Edit: Yes, his rating was acceptable. I should go back and check it after my neg FB.


----------



## woodfarmer

i bought four new chains from roccof, one had been used the other three were new, not a great problem but still not all new, i registered a complaint with paypal pictures included. well they ruled in his favour because he had provided shipping details, what does that have to do with wether the chains were new or not? btw he is still selling on e-bay, also selling new chainsaws. claims to be in the tree business, if your in the tree business then why would you be selling new saws and not used ones? other buyers beware.


----------



## Bill G

Chris J. said:


> I purchased a saw on eBayware from seller budburris. He clearly said that he didn't test or work on of the saw, so it was a parts saw as I expected. His idea of packaging was to put the saw in an _overused_ undersized cardboard box with with a small piece of bubble wrap pn the bottom of the box. The 20" bar, which I needed and was one of the reasons I purchased the saw, wasn't in the package. Budburris says he included it; I say no way a 20" bar would fit into the box. His responses were very gruff and unpleasant.




Chris,

Do you mean budburrhus ?

Bill


----------



## Chris J.

Bill, I'll need to check, I think that you're correct. If so, I'll certainly correct my posts, don't want to flame the wrong person. Have you had problems with the Bud that you mentioned?


----------



## woodfarmer

*not as described*

bought a 270 off ebay, supposed to be very nice saw in excellent shape, there is a crack in the top cover and the saw looks well used. have contacted seller with my concern, do i wait for his reply, (how long?) or should i just return to sender?


----------



## superman_36

give him a chance to respond was there a AS IS in the description and if you can get out with just sending it back and getting you money back and only paying shipping get out also you have to factor the money lost to replacing the parts bad 
Thanks
ERIK


----------



## woodfarmer

*270*

the air filter is also missing, i checked his feedback and it is very positive, by the looks of things he buys and sells a lot of chainsaws. he never described any flaws or anything missing in the add. his disclaimer is he does not take any saws back and there is no warranty.how many days should i wait for a reply and why would i even get stuck for the shipping?


----------



## Chris J.

woodfarmer said:


> ...why would i even get stuck for the shipping?

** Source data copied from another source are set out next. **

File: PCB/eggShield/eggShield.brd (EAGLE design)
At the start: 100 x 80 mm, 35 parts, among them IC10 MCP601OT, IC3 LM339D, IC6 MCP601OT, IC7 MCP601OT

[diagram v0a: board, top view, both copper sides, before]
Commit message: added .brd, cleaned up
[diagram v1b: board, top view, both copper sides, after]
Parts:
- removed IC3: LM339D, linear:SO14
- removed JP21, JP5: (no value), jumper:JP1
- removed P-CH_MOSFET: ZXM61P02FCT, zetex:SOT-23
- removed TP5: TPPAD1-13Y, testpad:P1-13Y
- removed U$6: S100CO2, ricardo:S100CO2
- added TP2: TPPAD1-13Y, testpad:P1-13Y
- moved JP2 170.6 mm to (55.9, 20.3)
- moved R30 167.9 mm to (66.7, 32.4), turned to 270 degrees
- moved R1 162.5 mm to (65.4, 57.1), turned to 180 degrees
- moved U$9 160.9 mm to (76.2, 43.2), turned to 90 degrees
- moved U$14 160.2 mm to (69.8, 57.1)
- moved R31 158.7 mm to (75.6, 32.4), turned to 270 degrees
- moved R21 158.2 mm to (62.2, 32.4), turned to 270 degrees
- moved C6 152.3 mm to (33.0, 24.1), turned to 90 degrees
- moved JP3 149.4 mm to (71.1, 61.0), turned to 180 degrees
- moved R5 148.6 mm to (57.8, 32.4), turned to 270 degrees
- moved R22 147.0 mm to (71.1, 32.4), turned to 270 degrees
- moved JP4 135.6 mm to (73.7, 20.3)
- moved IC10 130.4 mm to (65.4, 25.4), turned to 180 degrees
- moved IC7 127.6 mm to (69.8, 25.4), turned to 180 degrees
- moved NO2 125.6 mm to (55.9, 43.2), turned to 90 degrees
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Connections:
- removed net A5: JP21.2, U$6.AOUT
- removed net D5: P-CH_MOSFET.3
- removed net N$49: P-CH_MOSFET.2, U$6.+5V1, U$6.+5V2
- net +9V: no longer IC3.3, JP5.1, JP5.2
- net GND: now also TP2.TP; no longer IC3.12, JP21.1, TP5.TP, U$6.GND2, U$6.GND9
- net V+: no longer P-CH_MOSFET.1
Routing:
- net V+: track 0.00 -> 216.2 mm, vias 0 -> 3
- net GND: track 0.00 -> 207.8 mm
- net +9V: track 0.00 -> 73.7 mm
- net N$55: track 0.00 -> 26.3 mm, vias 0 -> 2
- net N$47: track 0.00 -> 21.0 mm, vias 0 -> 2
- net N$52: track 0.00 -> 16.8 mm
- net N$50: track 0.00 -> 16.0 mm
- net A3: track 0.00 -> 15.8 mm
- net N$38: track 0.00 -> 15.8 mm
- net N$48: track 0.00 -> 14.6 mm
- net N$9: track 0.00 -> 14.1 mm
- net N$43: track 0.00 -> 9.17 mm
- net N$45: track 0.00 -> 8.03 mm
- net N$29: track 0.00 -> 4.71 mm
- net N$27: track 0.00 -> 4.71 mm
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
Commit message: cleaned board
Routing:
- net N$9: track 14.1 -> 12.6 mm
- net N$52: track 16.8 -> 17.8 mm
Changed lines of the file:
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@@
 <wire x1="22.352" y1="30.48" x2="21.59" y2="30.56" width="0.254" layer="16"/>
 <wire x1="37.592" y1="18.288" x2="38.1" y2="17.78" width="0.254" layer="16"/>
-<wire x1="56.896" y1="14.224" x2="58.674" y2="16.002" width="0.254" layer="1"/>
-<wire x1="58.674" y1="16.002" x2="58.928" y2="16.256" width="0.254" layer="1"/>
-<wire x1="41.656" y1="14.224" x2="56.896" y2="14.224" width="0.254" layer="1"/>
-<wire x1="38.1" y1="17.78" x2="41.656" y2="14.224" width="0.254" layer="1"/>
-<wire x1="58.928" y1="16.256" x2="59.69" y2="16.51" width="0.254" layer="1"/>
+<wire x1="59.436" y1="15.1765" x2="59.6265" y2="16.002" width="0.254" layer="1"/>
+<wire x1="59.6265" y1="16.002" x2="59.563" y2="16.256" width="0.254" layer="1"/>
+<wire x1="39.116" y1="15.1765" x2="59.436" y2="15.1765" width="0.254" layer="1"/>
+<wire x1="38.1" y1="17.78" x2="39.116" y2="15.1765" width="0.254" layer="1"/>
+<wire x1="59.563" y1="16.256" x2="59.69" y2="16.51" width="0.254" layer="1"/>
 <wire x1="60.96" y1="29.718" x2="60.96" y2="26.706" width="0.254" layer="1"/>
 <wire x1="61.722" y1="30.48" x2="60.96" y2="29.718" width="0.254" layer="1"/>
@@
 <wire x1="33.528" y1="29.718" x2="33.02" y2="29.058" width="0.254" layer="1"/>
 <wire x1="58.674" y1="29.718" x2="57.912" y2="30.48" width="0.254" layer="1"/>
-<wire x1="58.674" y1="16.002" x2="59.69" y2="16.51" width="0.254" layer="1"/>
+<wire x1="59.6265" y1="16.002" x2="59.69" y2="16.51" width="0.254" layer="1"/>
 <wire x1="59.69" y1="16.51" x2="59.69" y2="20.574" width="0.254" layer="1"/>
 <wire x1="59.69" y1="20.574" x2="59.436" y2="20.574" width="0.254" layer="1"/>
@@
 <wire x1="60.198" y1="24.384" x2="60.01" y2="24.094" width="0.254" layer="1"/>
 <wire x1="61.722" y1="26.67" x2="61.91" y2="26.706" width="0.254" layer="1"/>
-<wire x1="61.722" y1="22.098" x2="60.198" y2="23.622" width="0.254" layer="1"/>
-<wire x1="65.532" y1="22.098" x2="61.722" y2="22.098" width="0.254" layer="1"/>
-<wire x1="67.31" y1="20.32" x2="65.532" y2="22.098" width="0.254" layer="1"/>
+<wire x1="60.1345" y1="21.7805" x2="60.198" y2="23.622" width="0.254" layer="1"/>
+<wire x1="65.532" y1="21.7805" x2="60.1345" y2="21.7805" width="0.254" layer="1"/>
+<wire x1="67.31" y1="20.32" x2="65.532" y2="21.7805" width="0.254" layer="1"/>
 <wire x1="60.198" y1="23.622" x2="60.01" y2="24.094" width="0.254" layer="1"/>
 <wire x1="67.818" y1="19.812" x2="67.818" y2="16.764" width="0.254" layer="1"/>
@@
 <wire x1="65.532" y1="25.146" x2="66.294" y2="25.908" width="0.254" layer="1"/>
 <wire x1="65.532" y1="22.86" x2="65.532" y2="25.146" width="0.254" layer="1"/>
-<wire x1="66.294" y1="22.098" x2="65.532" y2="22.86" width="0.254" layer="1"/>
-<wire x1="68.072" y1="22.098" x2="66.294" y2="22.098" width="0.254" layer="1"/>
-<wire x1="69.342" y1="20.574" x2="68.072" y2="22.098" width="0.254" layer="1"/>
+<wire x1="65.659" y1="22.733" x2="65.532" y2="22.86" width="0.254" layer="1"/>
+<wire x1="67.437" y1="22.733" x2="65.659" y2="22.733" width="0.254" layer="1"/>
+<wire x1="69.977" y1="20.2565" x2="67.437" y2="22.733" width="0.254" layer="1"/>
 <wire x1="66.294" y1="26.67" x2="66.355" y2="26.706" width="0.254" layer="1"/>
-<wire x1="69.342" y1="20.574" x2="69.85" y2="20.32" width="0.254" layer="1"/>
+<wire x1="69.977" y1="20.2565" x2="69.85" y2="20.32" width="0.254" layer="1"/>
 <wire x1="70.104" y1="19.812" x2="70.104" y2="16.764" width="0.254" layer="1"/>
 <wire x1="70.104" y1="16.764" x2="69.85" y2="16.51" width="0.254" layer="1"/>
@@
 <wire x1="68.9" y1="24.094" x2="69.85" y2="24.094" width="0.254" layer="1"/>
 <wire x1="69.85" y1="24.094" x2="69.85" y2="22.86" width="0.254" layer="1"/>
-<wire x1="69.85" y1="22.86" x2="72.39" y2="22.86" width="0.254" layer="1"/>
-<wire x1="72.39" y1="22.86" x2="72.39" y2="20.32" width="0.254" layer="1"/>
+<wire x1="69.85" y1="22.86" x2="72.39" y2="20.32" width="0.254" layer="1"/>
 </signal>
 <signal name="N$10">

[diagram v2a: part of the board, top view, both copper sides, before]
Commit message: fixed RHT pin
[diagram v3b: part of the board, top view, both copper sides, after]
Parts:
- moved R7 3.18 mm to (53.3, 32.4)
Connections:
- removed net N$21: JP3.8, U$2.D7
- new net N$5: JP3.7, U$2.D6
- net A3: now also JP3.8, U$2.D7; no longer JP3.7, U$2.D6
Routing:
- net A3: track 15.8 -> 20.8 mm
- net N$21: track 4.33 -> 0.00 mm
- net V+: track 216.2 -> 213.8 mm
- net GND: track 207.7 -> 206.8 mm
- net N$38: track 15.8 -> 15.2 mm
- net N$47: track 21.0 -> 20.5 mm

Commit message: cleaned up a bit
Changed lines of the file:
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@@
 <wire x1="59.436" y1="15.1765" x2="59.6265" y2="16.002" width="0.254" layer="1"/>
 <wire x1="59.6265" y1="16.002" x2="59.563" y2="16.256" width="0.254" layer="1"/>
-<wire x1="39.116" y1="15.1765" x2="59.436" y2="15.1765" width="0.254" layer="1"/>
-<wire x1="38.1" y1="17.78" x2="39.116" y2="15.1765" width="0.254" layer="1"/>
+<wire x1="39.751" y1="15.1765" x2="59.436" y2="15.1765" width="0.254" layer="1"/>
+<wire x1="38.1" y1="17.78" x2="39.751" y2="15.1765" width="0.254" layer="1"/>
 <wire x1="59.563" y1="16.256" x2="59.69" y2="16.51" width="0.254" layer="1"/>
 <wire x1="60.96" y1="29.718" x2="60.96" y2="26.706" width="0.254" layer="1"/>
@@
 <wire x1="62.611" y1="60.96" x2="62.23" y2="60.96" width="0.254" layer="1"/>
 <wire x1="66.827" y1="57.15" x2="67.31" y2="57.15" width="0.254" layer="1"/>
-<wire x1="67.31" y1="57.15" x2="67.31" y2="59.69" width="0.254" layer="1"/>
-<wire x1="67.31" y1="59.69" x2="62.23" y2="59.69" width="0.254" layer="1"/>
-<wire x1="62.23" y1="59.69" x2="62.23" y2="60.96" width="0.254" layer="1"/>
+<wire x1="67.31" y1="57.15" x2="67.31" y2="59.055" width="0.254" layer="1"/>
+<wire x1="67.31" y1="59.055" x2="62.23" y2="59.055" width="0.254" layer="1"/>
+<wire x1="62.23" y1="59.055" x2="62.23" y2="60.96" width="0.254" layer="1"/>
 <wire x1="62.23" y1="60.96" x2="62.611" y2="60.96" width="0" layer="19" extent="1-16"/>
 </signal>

Woodfarmer, that is exactly how some eBayware sellers get people to keep crappy items. > Example: You win a saw for $120.00, and pay $30.00 shipping. It's a POS, not as described, the seller will refund your money, but not the shipping, and they want the saw back. If you return it you're out $60.00 on shipping for a saw that you don't have, but you have $90.00 back. Is returning the saw worth it? Some eBay sellers thrive on people not wanting to eat the shipping. < 

I think that eBay should make the seller cover ALL shipping on a clearly misrepresented item, but we all know that eBay won't do that.

I recently passed on a Jred 920, BIN $175.00 + $25.00 s/h. The listing, to me, had several red flags. If it was as described, it was a steal. If the red flags and what I saw in the photos were true, the seller had a wornout POS saw. If anyone here purchased the saw, I'd love to hear about it.


----------



## woodfarmer

i truly believe ebay sides with the seller, therefore i will go through my credit card company for the full amount. i also feel i should send it back right away, the longer i hold onto it the more chances for things not to go my way, any thoughts?


----------



## retoocs555

Give him a phone call. Just remember at this point it still _could_ be an honest mistake, and be nice. You might be able to work something out. 

My experience, as a seller, is that when customers are nice, I'm nice back. But, if the first thing I hear from a buyer is name calling and how much money I should give them back they get no where fast. 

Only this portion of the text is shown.